According to Cartridges of the World, the .41 Rimfire consisted of a 130 grain (8.4 g) lead bullet propelled by 13 grains (0.8 g) of black powder in its original load. The round produced a muzzle velocity of 425 ft/s and a muzzle energy of 52 ft.lbf. However, more recently firearms writer Holt Bodinson has disputed these findings. He states that his testing showed the 130 grain bullet traveled at 621 ft/s so producing 111 ft.lbf of energy - a significant difference in ballistic energy from the earlier tests. The difference in findings can potentially be attributed to variances in the specific ammunition fired or measuring equipment used.

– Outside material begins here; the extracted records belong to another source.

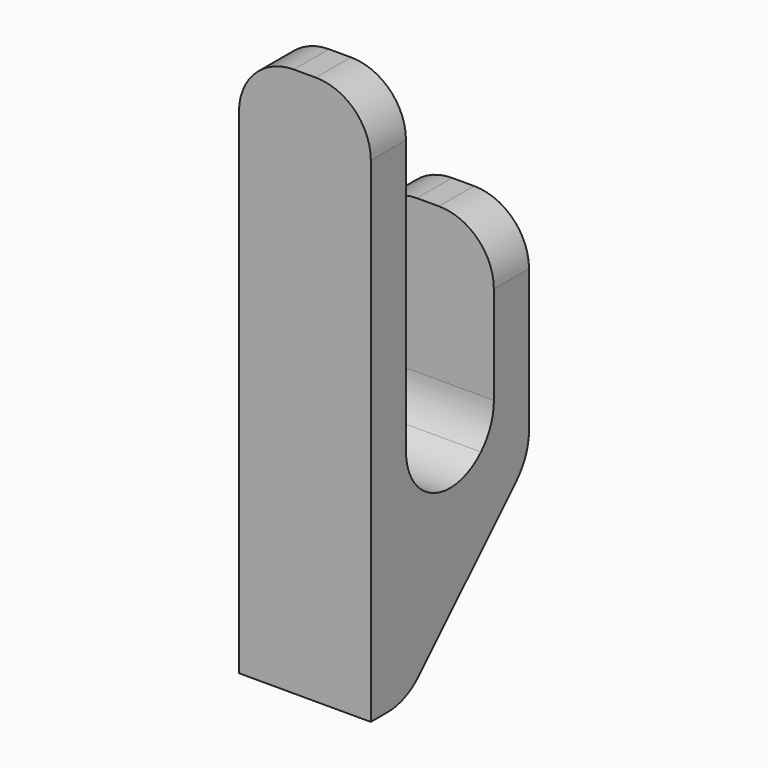
from build123d import *

# Parameters (mm, degrees)
F0_W     = 6
F0_H     = 50
F1_DEPTH = 4
F3_DEPTH = 12
F4_R     = 4.99999
F5_R     = 5


# Not quite as in the source:
# - a fillet or chamfer is up to 0.001 mm smaller than in the source, because OpenCascade refuses the exact size


with BuildPart() as f1:
    # F0 (on Front) → F1 (new body)
    with BuildSketch(Plane.XZ):
        with Locations((9, 25)):
            Rectangle(F0_W, F0_H)
        with Locations((3, 25)):
            Rectangle(F0_W, F0_H)
    extrude(amount=F1_DEPTH)

    # F2 (on Right) → F3 (join)
    with BuildSketch(Plane.YZ):
        Polygon((0, 8), (0, 0), (14, 14), (14, 34), (10, 34), (10, 18), align=None)
    extrude(amount=F3_DEPTH)

    # F4 (radius 5 in the source; OpenCascade refuses exactly that, so slightly less here)
    f4_edges = [f1.edges().sort_by_distance(p)[0] for p in [
        (0, -2, 50),
        (12, -2, 50),
        (0, 12, 34),
        (12, 12, 34),
        (6, 10, 18),
        (6, 14, 14),
        (6, 0, 8),
    ]]
    fillet(f4_edges, radius=F4_R)

    # F5
    f5_edges = [f1.edges().sort_by_distance(p)[0] for p in [
        (6, 0, 0),
    ]]
    fillet(f5_edges, radius=F5_R)


solid = f1.part

In the Guns Magazine article "Henry Deringer's Pocket Pistol" by John E. Parsons there is an interesting test to be read. With the classic double-barreled Deringer with 3-inch barrels, two types of cartridges were fired. The old yellow-and-blue boxed Western Lubaloy, and a new batch of Brazilian, commissioned by Navy Arms, both with the normal 130 gr bullet.
At 10 feet, both bullets passed through a 5-inch soaked phone directory, also passed through a 3/4-inch piece of pine.
Velocity was measured at 10 feet from muzzle with a PACT Professional Chronograph. The Western Lubaloys averaged 532 fps, which is 82 lb/sqf. The modern Navy Arms gave 621, for 111 lb/sqf.